> _Exercise goal_
Where "Interface" occurs in a line of the entries below, copy that line.
(Beginning of Data for review)
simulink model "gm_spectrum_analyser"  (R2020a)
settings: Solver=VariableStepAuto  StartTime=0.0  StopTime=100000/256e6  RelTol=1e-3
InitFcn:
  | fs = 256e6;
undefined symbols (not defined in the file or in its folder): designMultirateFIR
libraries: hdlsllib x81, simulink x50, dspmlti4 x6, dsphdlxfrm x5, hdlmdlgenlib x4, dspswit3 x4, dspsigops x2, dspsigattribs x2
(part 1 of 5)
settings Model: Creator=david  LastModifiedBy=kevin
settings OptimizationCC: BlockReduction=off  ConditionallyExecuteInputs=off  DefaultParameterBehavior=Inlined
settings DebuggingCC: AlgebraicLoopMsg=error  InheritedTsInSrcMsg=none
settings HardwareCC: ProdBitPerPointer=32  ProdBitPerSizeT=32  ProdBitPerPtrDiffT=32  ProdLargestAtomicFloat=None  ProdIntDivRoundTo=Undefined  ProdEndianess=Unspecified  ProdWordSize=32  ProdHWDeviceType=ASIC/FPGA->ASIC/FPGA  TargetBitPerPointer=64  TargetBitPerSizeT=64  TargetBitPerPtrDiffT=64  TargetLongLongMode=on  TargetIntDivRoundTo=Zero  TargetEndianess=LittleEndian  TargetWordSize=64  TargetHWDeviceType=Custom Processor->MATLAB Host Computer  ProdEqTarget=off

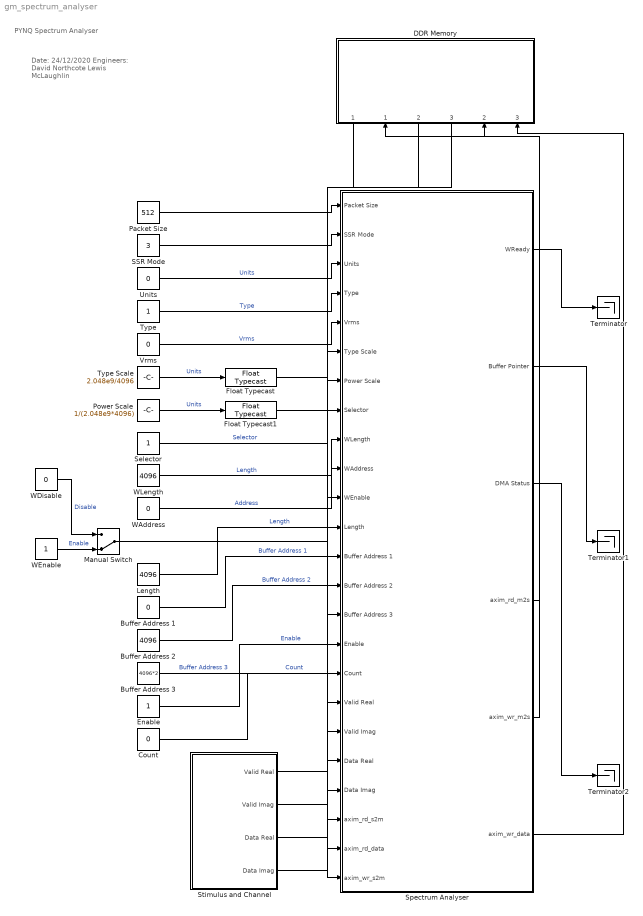
== system gm_spectrum_analyser ==
  note: PYNQ Spectrum Analyser
  note: Date:		24/12/2020
      | Engineers:	David Northcote
      | 			Lewis McLaughlin
  Buffer Address 1 : Constant  Value=0  OutDataTypeStr=uint32  SampleTime=1/fs
  Buffer Address 2 : Constant  Value=4096  OutDataTypeStr=uint32  SampleTime=1/fs
  Buffer Address 3 : Constant  Value=4096*2  OutDataTypeStr=uint32  SampleTime=1/fs
  Count : Constant  Value=0  OutDataTypeStr=uint32  SampleTime=1/fs
  DDR Memory : Subsystem
      settings: PortSchema="{\"entries\":[{\"content\":{\"sides\":[{\"content\":{\"connectorIds\":[]},\"type\":\"ConnectorPlacement.EquallySpacedRectSide\",\"uuid\":\"d9e4a1d3-1a90-455f-8481-c9ba23695512\"},{\"content\":{\"connectorIds\":[],\"side\":\"RIGHT\"},\"type\":\"ConnectorPlacement.EquallySpacedRectSide\",\"uuid\":\"d5cbf6c4-ca28-4b6e-a385-26c8d45a1027\"},{\"content\":{\"connectorIds\":[],\"side\":\"TOP\"},\"type\":\"ConnectorPlacement.EquallySpacedRectSide\",\"uuid\":\"1f61d25a-c781-4c7b-9600-adf853a1e7e2\"},{\"content\":{\"connectorIds\":[\"Out1\",\"In1\",\"Out2\",\"Out3\",\"In2\",\"In3\"],\"side\":\"BOTTOM\"},\"type\":\"ConnectorPlacement.EquallySpacedRectSide\",\"uuid\":\"b1131089-25c6-4639-a5ae-8f8dd9cc5fb0\"}]},\"type\":\"ConnectorPlacement.EquallySpacedConnector\",\"uuid\":\"baa6cdf8-4ad4-4b76-ad8b-23012dfe0a1e\"}],\"packageUris\":[\"http://schema.mathworks.com/mf0/Connector/19700101\"],\"version\":\"1.0\"}"
  Enable : Constant  OutDataTypeStr=uint32  SampleTime=1/fs
  Float Typecast : FloatTypecast
  Float Typecast1 : FloatTypecast
  Length : Constant  Value=4096  OutDataTypeStr=uint32  SampleTime=1/fs
  Manual Switch : ManualSwitch  CurrentSetting=0
  Packet Size : Constant  Value=512  OutDataTypeStr=uint32  SampleTime=-1
  Power Scale : Constant  Value=1/(2.048e9*4096)  OutDataTypeStr=single  SampleTime=-1
  SSR Mode : Constant  Value=3  OutDataTypeStr=uint32  SampleTime=-1
  Selector : Constant  OutDataTypeStr=uint32  SampleTime=-1
  Spectrum Analyser : Subsystem  TreatAsAtomicUnit=on
  Stimulus and Channel : Subsystem
  Terminator : Terminator
  Terminator1 : Terminator
  Terminator2 : Terminator
  Type : Constant  OutDataTypeStr=uint32  SampleTime=-1
  Type Scale : Constant  Value=2.048e9/4096  OutDataTypeStr=single  SampleTime=-1
  Units : Constant  Value=0  OutDataTypeStr=uint32  SampleTime=-1
  Vrms : Constant  Value=0  OutDataTypeStr=uint32  SampleTime=-1
  WAddress : Constant  Value=0  OutDataTypeStr=uint32  SampleTime=1/fs
  WDisable : Constant  Value=0  OutDataTypeStr=uint32  SampleTime=1/fs
  WEnable : Constant  OutDataTypeStr=uint32  SampleTime=1/fs
  WLength : Constant  Value=4096  OutDataTypeStr=uint32  SampleTime=1/fs
  wires:
  Spectrum Analyser/3(DMA Status) -> Terminator2/1
  Spectrum Analyser/2(Buffer Pointer) -> Terminator1/1
  Spectrum Analyser/1(WReady) -> Terminator/1
  Count/1 -> Spectrum Analyser/17(Count)  "Count"
  Enable/1 -> Spectrum Analyser/16(Enable)  "Enable"
  Buffer Address 2/1 -> Spectrum Analyser/14(Buffer Address 2)  "Buffer Address 2"
  Buffer Address 3/1 -> Spectrum Analyser/15(Buffer Address 3)  "Buffer Address 3"
  Buffer Address 1/1 -> Spectrum Analyser/13(Buffer Address 1)  "Buffer Address 1"
  Length/1 -> Spectrum Analyser/12(Length)  "Length"
  DDR Memory/3(axim_wr_s2m) -> Spectrum Analyser/24(axim_wr_s2m)
  DDR Memory/2(axim_rd_data) -> Spectrum Analyser/23(axim_rd_data)
  DDR Memory/1(axim_rd_s2m) -> Spectrum Analyser/22(axim_rd_s2m)
  Spectrum Analyser/6(axim_wr_data) -> DDR Memory/3(axim_wr_data)
  Spectrum Analyser/5(axim_wr_m2s) -> DDR Memory/2(axim_wr_m2s)
  Spectrum Analyser/4(axim_rd_m2s) -> DDR Memory/1(axim_rd_m2s)
  WLength/1 -> Spectrum Analyser/9(WLength)  "Length"
  WAddress/1 -> Spectrum Analyser/10(WAddress)  "Address"
  Manual Switch/1 -> Spectrum Analyser/11(WEnable)
  WDisable/1 -> Manual Switch/1  "Disable"
  WEnable/1 -> Manual Switch/2  "Enable"
  Packet Size/1 -> Spectrum Analyser/1(Packet Size)
  SSR Mode/1 -> Spectrum Analyser/2(SSR Mode)
  Selector/1 -> Spectrum Analyser/8(Selector)  "Selector"
  Power Scale/1 -> Float Typecast1/1  "Units"
  Float Typecast1/1 -> Spectrum Analyser/7(Power Scale)
  Float Typecast/1 -> Spectrum Analyser/6(Type Scale)
  Type Scale/1 -> Float Typecast/1  "Units"
  Units/1 -> Spectrum Analyser/3(Units)  "Units"
  Type/1 -> Spectrum Analyser/4(Type)  "Type"
  Vrms/1 -> Spectrum Analyser/5(Vrms)  "Vrms"
  Stimulus and Channel/4(Data Imag) -> Spectrum Analyser/21(Data Imag)
  Stimulus and Channel/3(Data Real) -> Spectrum Analyser/20(Data Real)
  Stimulus and Channel/2(Valid Imag) -> Spectrum Analyser/19(Valid Imag)
  Stimulus and Channel/1(Valid Real) -> Spectrum Analyser/18(Valid Real)

== system gm_spectrum_analyser/DDR Memory ==
  axim_rd_m2s : Inport
  axim_wr_m2s : Inport  Port=2
  axim_wr_data : Inport  Port=3
  AXI Read Interface Response Model : Subsystem
      settings: PortSchema="{\"entries\":[{\"content\":{\"sides\":[{\"content\":{\"connectorIds\":[]},\"type\":\"ConnectorPlacement.EquallySpacedRectSide\",\"uuid\":\"2b557e1e-8026-43d3-80e6-d6d80e534d60\"},{\"content\":{\"connectorIds\":[\"Out1\",\"In1\",\"Out2\"],\"side\":\"RIGHT\"},\"type\":\"ConnectorPlacement.EquallySpacedRectSide\",\"uuid\":\"d37ff7b5-bcab-46eb-bf2f-7b890d421095\"},{\"content\":{\"connectorIds\":[],\"side\":\"TOP\"},\"type\":\"ConnectorPlacement.EquallySpacedRectSide\",\"uuid\":\"b7392330-958c-44c2-9b9d-e2e6efc00005\"}]},\"type\":\"ConnectorPlacement.EquallySpacedConnector\",\"uuid\":\"d6fedbd7-9a1a-42de-85f8-78943e8230da\"}],\"packageUris\":[\"http://schema.mathworks.com/mf0/Connector/19700101\"],\"version\":\"1.0\"}"
  AXI Write Interface Response Model : Subsystem
      settings: PortSchema="{\"entries\":[{\"content\":{\"sides\":[{\"content\":{\"connectorIds\":[]},\"type\":\"ConnectorPlacement.EquallySpacedRectSide\",\"uuid\":\"6953abbe-a6d5-4686-b276-b89fe5e6bb23\"},{\"content\":{\"connectorIds\":[],\"side\":\"RIGHT\"},\"type\":\"ConnectorPlacement.EquallySpacedRectSide\",\"uuid\":\"539ff6ac-c243-4534-87d0-888ff9534a8b\"},{\"content\":{\"connectorIds\":[],\"side\":\"TOP\"},\"type\":\"ConnectorPlacement.EquallySpacedRectSide\",\"uuid\":\"8a126ba7-8eec-4733-ae4d-1ac2504ae558\"},{\"content\":{\"connectorIds\":[\"Out1\",\"In1\",\"In2\"],\"side\":\"BOTTOM\"},\"type\":\"ConnectorPlacement.EquallySpacedRectSide\",\"uuid\":\"05254abb-7168-4864-8cc1-53a55061df5a\"}]},\"type\":\"ConnectorPlacement.EquallySpacedConnector\",\"uuid\":\"821e8dd7-bdc5-437f-b697-1dcc78127ace\"}],\"packageUris\":[\"http://schema.mathworks.com/mf0/Connector/19700101\"],\"version\":\"1.0\"}"
  axim_rd_s2m : Outport
  axim_rd_data : Outport  Port=2
  axim_wr_s2m : Outport  Port=3
  wires:
  axim_wr_data/1 -> AXI Write Interface Response Model/2(axim_wr_data)
  AXI Read Interface Response Model/2(axim_rd_s2m) -> axim_rd_s2m/1  "axim_rd_s2m"
  axim_rd_m2s/1 -> AXI Read Interface Response Model/1(axim_rd_m2s)
  AXI Write Interface Response Model/1(axim_wr_s2m) -> axim_wr_s2m/1
  AXI Read Interface Response Model/1(axim_rd_data) -> axim_rd_data/1  "axim_rd_data"
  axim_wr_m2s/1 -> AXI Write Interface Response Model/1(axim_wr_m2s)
(End of Data for review)
> _Expected answer_
  AXI Read Interface Response Model : Subsystem
  AXI Write Interface Response Model : Subsystem
  axim_wr_data/1 -> AXI Write Interface Response Model/2(axim_wr_data)
  AXI Read Interface Response Model/2(axim_rd_s2m) -> axim_rd_s2m/1  "axim_rd_s2m"
  axim_rd_m2s/1 -> AXI Read Interface Response Model/1(axim_rd_m2s)
  AXI Write Interface Response Model/1(axim_wr_s2m) -> axim_wr_s2m/1
  AXI Read Interface Response Model/1(axim_rd_data) -> axim_rd_data/1  "axim_rd_data"
  axim_wr_m2s/1 -> AXI Write Interface Response Model/1(axim_wr_m2s)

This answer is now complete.